** EXTRACTED MATERIAL follows **

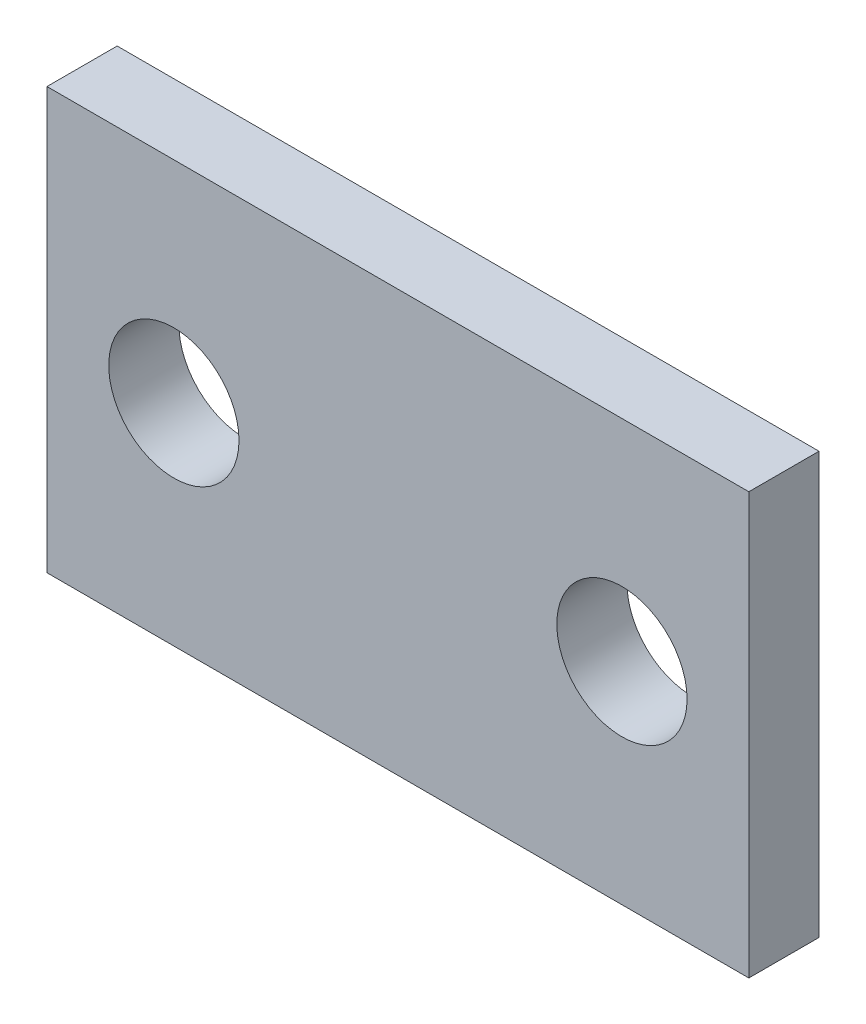
ISO-10303-21;
HEADER;
FILE_DESCRIPTION(('STEP AP214'),'2;1');
FILE_NAME('part.step','',(''),(''),'','','');
FILE_SCHEMA(('AUTOMOTIVE_DESIGN { 1 0 10303 214 1 1 1 1 }'));
ENDSEC;
DATA;
#1=APPLICATION_CONTEXT('core data for automotive mechanical design processes');
#2=APPLICATION_PROTOCOL_DEFINITION('international standard','automotive_design',2000,#1);
#3=PRODUCT_CONTEXT('',#1,'mechanical');
#4=PRODUCT('Part','Part','',(#3));
#5=PRODUCT_RELATED_PRODUCT_CATEGORY('part','',(#4));
#6=PRODUCT_DEFINITION_FORMATION('','',#4);
#7=PRODUCT_DEFINITION_CONTEXT('part definition',#1,'design');
#8=PRODUCT_DEFINITION('design','',#6,#7);
#9=PRODUCT_DEFINITION_SHAPE('','',#8);
#10=(LENGTH_UNIT() NAMED_UNIT(*) SI_UNIT(.MILLI.,.METRE.));
#11=(NAMED_UNIT(*) PLANE_ANGLE_UNIT() SI_UNIT($,.RADIAN.));
#12=(NAMED_UNIT(*) SI_UNIT($,.STERADIAN.) SOLID_ANGLE_UNIT());
#13=UNCERTAINTY_MEASURE_WITH_UNIT(LENGTH_MEASURE(1.E-05),#10,'distance_accuracy_value','');
#14=(GEOMETRIC_REPRESENTATION_CONTEXT(3) GLOBAL_UNCERTAINTY_ASSIGNED_CONTEXT((#13)) GLOBAL_UNIT_ASSIGNED_CONTEXT((#10,
#11,#12)) REPRESENTATION_CONTEXT('',''));
#15=CARTESIAN_POINT('',(0.,0.,0.));
#16=DIRECTION('',(0.,0.,1.));
#17=DIRECTION('',(1.,0.,0.));
#18=AXIS2_PLACEMENT_3D('',#15,#16,#17);
#19=CARTESIAN_POINT('',(7.9375,4.76250000000001,-1.5875));
#20=DIRECTION('',(-1.,0.,0.));
#21=DIRECTION('',(0.,-1.,0.));
#22=AXIS2_PLACEMENT_3D('',#19,#20,#21);
#23=PLANE('',#22);
#24=DIRECTION('',(0.,1.,0.));
#25=VECTOR('',#24,1.);
#26=CARTESIAN_POINT('',(7.9375,4.76250000000001,0.));
#27=LINE('',#26,#25);
#28=CARTESIAN_POINT('',(7.9375,-4.7625,0.));
#29=VERTEX_POINT('',#28);
#30=CARTESIAN_POINT('',(7.9375,4.76250000000001,0.));
#31=VERTEX_POINT('',#30);
#32=EDGE_CURVE('E96',#29,#31,#27,.T.);
#33=ORIENTED_EDGE('',*,*,#32,.F.);
#34=DIRECTION('',(0.,0.,1.));
#35=VECTOR('',#34,1.);
#36=CARTESIAN_POINT('',(7.9375,-4.7625,-1.5875));
#37=LINE('',#36,#35);
#38=CARTESIAN_POINT('',(7.9375,-4.7625,-1.5875));
#39=VERTEX_POINT('',#38);
#40=EDGE_CURVE('E95',#39,#29,#37,.T.);
#41=ORIENTED_EDGE('',*,*,#40,.F.);
#42=DIRECTION('',(0.,1.,0.));
#43=VECTOR('',#42,1.);
#44=CARTESIAN_POINT('',(7.9375,4.76250000000001,-1.5875));
#45=LINE('',#44,#43);
#46=CARTESIAN_POINT('',(7.9375,4.76250000000001,-1.5875));
#47=VERTEX_POINT('',#46);
#48=EDGE_CURVE('E89',#39,#47,#45,.T.);
#49=ORIENTED_EDGE('',*,*,#48,.T.);
#50=DIRECTION('',(0.,0.,1.));
#51=VECTOR('',#50,1.);
#52=CARTESIAN_POINT('',(7.9375,4.76250000000001,-1.5875));
#53=LINE('',#52,#51);
#54=EDGE_CURVE('E11',#47,#31,#53,.T.);
#55=ORIENTED_EDGE('',*,*,#54,.T.);
#56=EDGE_LOOP('',(#33,#41,#49,#55));
#57=FACE_BOUND('',#56,.T.);
#58=ADVANCED_FACE('F32',(#57),#23,.F.);
#59=CARTESIAN_POINT('',(-7.9375,4.76250000000001,-1.5875));
#60=DIRECTION('',(0.,-1.,0.));
#61=DIRECTION('',(0.,0.,1.));
#62=AXIS2_PLACEMENT_3D('',#59,#60,#61);
#63=PLANE('',#62);
#64=DIRECTION('',(-1.,0.,0.));
#65=VECTOR('',#64,1.);
#66=CARTESIAN_POINT('',(-7.9375,4.76250000000001,0.));
#67=LINE('',#66,#65);
#68=CARTESIAN_POINT('',(-7.9375,4.76250000000001,0.));
#69=VERTEX_POINT('',#68);
#70=EDGE_CURVE('E98',#31,#69,#67,.T.);
#71=ORIENTED_EDGE('',*,*,#70,.F.);
#72=ORIENTED_EDGE('',*,*,#54,.F.);
#73=DIRECTION('',(-1.,0.,0.));
#74=VECTOR('',#73,1.);
#75=CARTESIAN_POINT('',(-7.9375,4.76250000000001,-1.5875));
#76=LINE('',#75,#74);
#77=CARTESIAN_POINT('',(-7.9375,4.76250000000001,-1.5875));
#78=VERTEX_POINT('',#77);
#79=EDGE_CURVE('E73',#47,#78,#76,.T.);
#80=ORIENTED_EDGE('',*,*,#79,.T.);
#81=DIRECTION('',(0.,0.,1.));
#82=VECTOR('',#81,1.);
#83=CARTESIAN_POINT('',(-7.9375,4.76250000000001,-1.5875));
#84=LINE('',#83,#82);
#85=EDGE_CURVE('E40',#78,#69,#84,.T.);
#86=ORIENTED_EDGE('',*,*,#85,.T.);
#87=EDGE_LOOP('',(#71,#72,#80,#86));
#88=FACE_BOUND('',#87,.T.);
#89=ADVANCED_FACE('F87',(#88),#63,.F.);
#90=CARTESIAN_POINT('',(-7.9375,4.76250000000001,-1.5875));
#91=DIRECTION('',(1.,0.,0.));
#92=DIRECTION('',(0.,1.,0.));
#93=AXIS2_PLACEMENT_3D('',#90,#91,#92);
#94=PLANE('',#93);
#95=DIRECTION('',(0.,-1.,0.));
#96=VECTOR('',#95,1.);
#97=CARTESIAN_POINT('',(-7.9375,4.76250000000001,0.));
#98=LINE('',#97,#96);
#99=CARTESIAN_POINT('',(-7.9375,-4.7625,0.));
#100=VERTEX_POINT('',#99);
#101=EDGE_CURVE('E83',#69,#100,#98,.T.);
#102=ORIENTED_EDGE('',*,*,#101,.F.);
#103=ORIENTED_EDGE('',*,*,#85,.F.);
#104=DIRECTION('',(0.,-1.,0.));
#105=VECTOR('',#104,1.);
#106=CARTESIAN_POINT('',(-7.9375,4.76250000000001,-1.5875));
#107=LINE('',#106,#105);
#108=CARTESIAN_POINT('',(-7.9375,-4.7625,-1.5875));
#109=VERTEX_POINT('',#108);
#110=EDGE_CURVE('E76',#78,#109,#107,.T.);
#111=ORIENTED_EDGE('',*,*,#110,.T.);
#112=DIRECTION('',(0.,0.,1.));
#113=VECTOR('',#112,1.);
#114=CARTESIAN_POINT('',(-7.9375,-4.7625,-1.5875));
#115=LINE('',#114,#113);
#116=EDGE_CURVE('E86',#109,#100,#115,.T.);
#117=ORIENTED_EDGE('',*,*,#116,.T.);
#118=EDGE_LOOP('',(#102,#103,#111,#117));
#119=FACE_BOUND('',#118,.T.);
#120=ADVANCED_FACE('F82',(#119),#94,.F.);
#121=CARTESIAN_POINT('',(-7.9375,-4.7625,-1.5875));
#122=DIRECTION('',(0.,1.,0.));
#123=DIRECTION('',(0.,0.,-1.));
#124=AXIS2_PLACEMENT_3D('',#121,#122,#123);
#125=PLANE('',#124);
#126=DIRECTION('',(1.,0.,0.));
#127=VECTOR('',#126,1.);
#128=CARTESIAN_POINT('',(-7.9375,-4.7625,0.));
#129=LINE('',#128,#127);
#130=EDGE_CURVE('E62',#100,#29,#129,.T.);
#131=ORIENTED_EDGE('',*,*,#130,.F.);
#132=ORIENTED_EDGE('',*,*,#116,.F.);
#133=DIRECTION('',(1.,0.,0.));
#134=VECTOR('',#133,1.);
#135=CARTESIAN_POINT('',(-7.9375,-4.7625,-1.5875));
#136=LINE('',#135,#134);
#137=EDGE_CURVE('E48',#109,#39,#136,.T.);
#138=ORIENTED_EDGE('',*,*,#137,.T.);
#139=ORIENTED_EDGE('',*,*,#40,.T.);
#140=EDGE_LOOP('',(#131,#132,#138,#139));
#141=FACE_BOUND('',#140,.T.);
#142=ADVANCED_FACE('F108',(#141),#125,.F.);
#143=CARTESIAN_POINT('',(7.9375,-4.7625,-1.5875));
#144=DIRECTION('',(0.,0.,-1.));
#145=DIRECTION('',(1.,0.,0.));
#146=AXIS2_PLACEMENT_3D('',#143,#144,#145);
#147=PLANE('',#146);
#148=CARTESIAN_POINT('',(-5.0673,0.,-1.5875));
#149=DIRECTION('',(0.,0.,1.));
#150=DIRECTION('',(1.,0.,0.));
#151=AXIS2_PLACEMENT_3D('',#148,#149,#150);
#152=CIRCLE('',#151,1.47319999999999);
#153=CARTESIAN_POINT('',(-3.59410000000001,0.,-1.5875));
#154=VERTEX_POINT('',#153);
#155=EDGE_CURVE('E177',#154,#154,#152,.T.);
#156=ORIENTED_EDGE('',*,*,#155,.T.);
#157=EDGE_LOOP('',(#156));
#158=FACE_BOUND('',#157,.T.);
#159=CARTESIAN_POINT('',(5.0673,0.,-1.5875));
#160=DIRECTION('',(0.,0.,1.));
#161=DIRECTION('',(1.,0.,0.));
#162=AXIS2_PLACEMENT_3D('',#159,#160,#161);
#163=CIRCLE('',#162,1.47319999999999);
#164=CARTESIAN_POINT('',(6.54049999999999,0.,-1.5875));
#165=VERTEX_POINT('',#164);
#166=EDGE_CURVE('E179',#165,#165,#163,.T.);
#167=ORIENTED_EDGE('',*,*,#166,.T.);
#168=EDGE_LOOP('',(#167));
#169=FACE_BOUND('',#168,.T.);
#170=ORIENTED_EDGE('',*,*,#48,.F.);
#171=ORIENTED_EDGE('',*,*,#137,.F.);
#172=ORIENTED_EDGE('',*,*,#110,.F.);
#173=ORIENTED_EDGE('',*,*,#79,.F.);
#174=EDGE_LOOP('',(#170,#171,#172,#173));
#175=FACE_BOUND('',#174,.T.);
#176=ADVANCED_FACE('F78',(#158,#169,#175),#147,.T.);
#177=CARTESIAN_POINT('',(7.9375,-4.7625,0.));
#178=DIRECTION('',(0.,0.,-1.));
#179=DIRECTION('',(1.,0.,0.));
#180=AXIS2_PLACEMENT_3D('',#177,#178,#179);
#181=PLANE('',#180);
#182=CARTESIAN_POINT('',(-5.0673,0.,0.));
#183=DIRECTION('',(0.,0.,1.));
#184=DIRECTION('',(1.,0.,0.));
#185=AXIS2_PLACEMENT_3D('',#182,#183,#184);
#186=CIRCLE('',#185,1.47319999999999);
#187=CARTESIAN_POINT('',(-3.59410000000001,0.,0.));
#188=VERTEX_POINT('',#187);
#189=EDGE_CURVE('E174',#188,#188,#186,.T.);
#190=ORIENTED_EDGE('',*,*,#189,.F.);
#191=EDGE_LOOP('',(#190));
#192=FACE_BOUND('',#191,.T.);
#193=CARTESIAN_POINT('',(5.0673,0.,0.));
#194=DIRECTION('',(0.,0.,1.));
#195=DIRECTION('',(1.,0.,0.));
#196=AXIS2_PLACEMENT_3D('',#193,#194,#195);
#197=CIRCLE('',#196,1.47319999999999);
#198=CARTESIAN_POINT('',(6.54049999999999,0.,0.));
#199=VERTEX_POINT('',#198);
#200=EDGE_CURVE('E99',#199,#199,#197,.T.);
#201=ORIENTED_EDGE('',*,*,#200,.F.);
#202=EDGE_LOOP('',(#201));
#203=FACE_BOUND('',#202,.T.);
#204=ORIENTED_EDGE('',*,*,#32,.T.);
#205=ORIENTED_EDGE('',*,*,#70,.T.);
#206=ORIENTED_EDGE('',*,*,#101,.T.);
#207=ORIENTED_EDGE('',*,*,#130,.T.);
#208=EDGE_LOOP('',(#204,#205,#206,#207));
#209=FACE_BOUND('',#208,.T.);
#210=ADVANCED_FACE('F104',(#192,#203,#209),#181,.F.);
#211=CARTESIAN_POINT('',(5.0673,0.,-1.5875));
#212=DIRECTION('',(0.,0.,-1.));
#213=DIRECTION('',(1.,0.,0.));
#214=AXIS2_PLACEMENT_3D('',#211,#212,#213);
#215=CYLINDRICAL_SURFACE('',#214,1.47319999999999);
#216=ORIENTED_EDGE('',*,*,#200,.T.);
#217=EDGE_LOOP('',(#216));
#218=FACE_BOUND('',#217,.T.);
#219=ORIENTED_EDGE('',*,*,#166,.F.);
#220=EDGE_LOOP('',(#219));
#221=FACE_BOUND('',#220,.T.);
#222=ADVANCED_FACE('F148',(#218,#221),#215,.F.);
#223=CARTESIAN_POINT('',(-5.0673,0.,-1.5875));
#224=DIRECTION('',(0.,0.,-1.));
#225=DIRECTION('',(1.,0.,0.));
#226=AXIS2_PLACEMENT_3D('',#223,#224,#225);
#227=CYLINDRICAL_SURFACE('',#226,1.47319999999999);
#228=ORIENTED_EDGE('',*,*,#189,.T.);
#229=EDGE_LOOP('',(#228));
#230=FACE_BOUND('',#229,.T.);
#231=ORIENTED_EDGE('',*,*,#155,.F.);
#232=EDGE_LOOP('',(#231));
#233=FACE_BOUND('',#232,.T.);
#234=ADVANCED_FACE('F157',(#230,#233),#227,.F.);
#235=CLOSED_SHELL('',(#58,#89,#120,#142,#176,#210,#222,#234));
#236=MANIFOLD_SOLID_BREP('B2',#235);
#237=ADVANCED_BREP_SHAPE_REPRESENTATION('',(#18,#236),#14);
#238=SHAPE_DEFINITION_REPRESENTATION(#9,#237);
ENDSEC;
END-ISO-10303-21;

** End of EXTRACTED MATERIAL **

▶ _DESCRIPTION OF THE TASK_
Set down only the lines above that fall between the line holding "#136=LINE('',#135,#134);" and the line holding "#163=CIRCLE('',#162,1.47319999999999);", inclusive, keeping each exact.

▶ _SOLUTION_
#136=LINE('',#135,#134);
#137=EDGE_CURVE('E48',#109,#39,#136,.T.);
#138=ORIENTED_EDGE('',*,*,#137,.T.);
#139=ORIENTED_EDGE('',*,*,#40,.T.);
#140=EDGE_LOOP('',(#131,#132,#138,#139));
#141=FACE_BOUND('',#140,.T.);
#142=ADVANCED_FACE('F108',(#141),#125,.F.);
#143=CARTESIAN_POINT('',(7.9375,-4.7625,-1.5875));
#144=DIRECTION('',(0.,0.,-1.));
#145=DIRECTION('',(1.,0.,0.));
#146=AXIS2_PLACEMENT_3D('',#143,#144,#145);
#147=PLANE('',#146);
#148=CARTESIAN_POINT('',(-5.0673,0.,-1.5875));
#149=DIRECTION('',(0.,0.,1.));
#150=DIRECTION('',(1.,0.,0.));
#151=AXIS2_PLACEMENT_3D('',#148,#149,#150);
#152=CIRCLE('',#151,1.47319999999999);
#153=CARTESIAN_POINT('',(-3.59410000000001,0.,-1.5875));
#154=VERTEX_POINT('',#153);
#155=EDGE_CURVE('E177',#154,#154,#152,.T.);
#156=ORIENTED_EDGE('',*,*,#155,.T.);
#157=EDGE_LOOP('',(#156));
#158=FACE_BOUND('',#157,.T.);
#159=CARTESIAN_POINT('',(5.0673,0.,-1.5875));
#160=DIRECTION('',(0.,0.,1.));
#161=DIRECTION('',(1.,0.,0.));
#162=AXIS2_PLACEMENT_3D('',#159,#160,#161);
#163=CIRCLE('',#162,1.47319999999999);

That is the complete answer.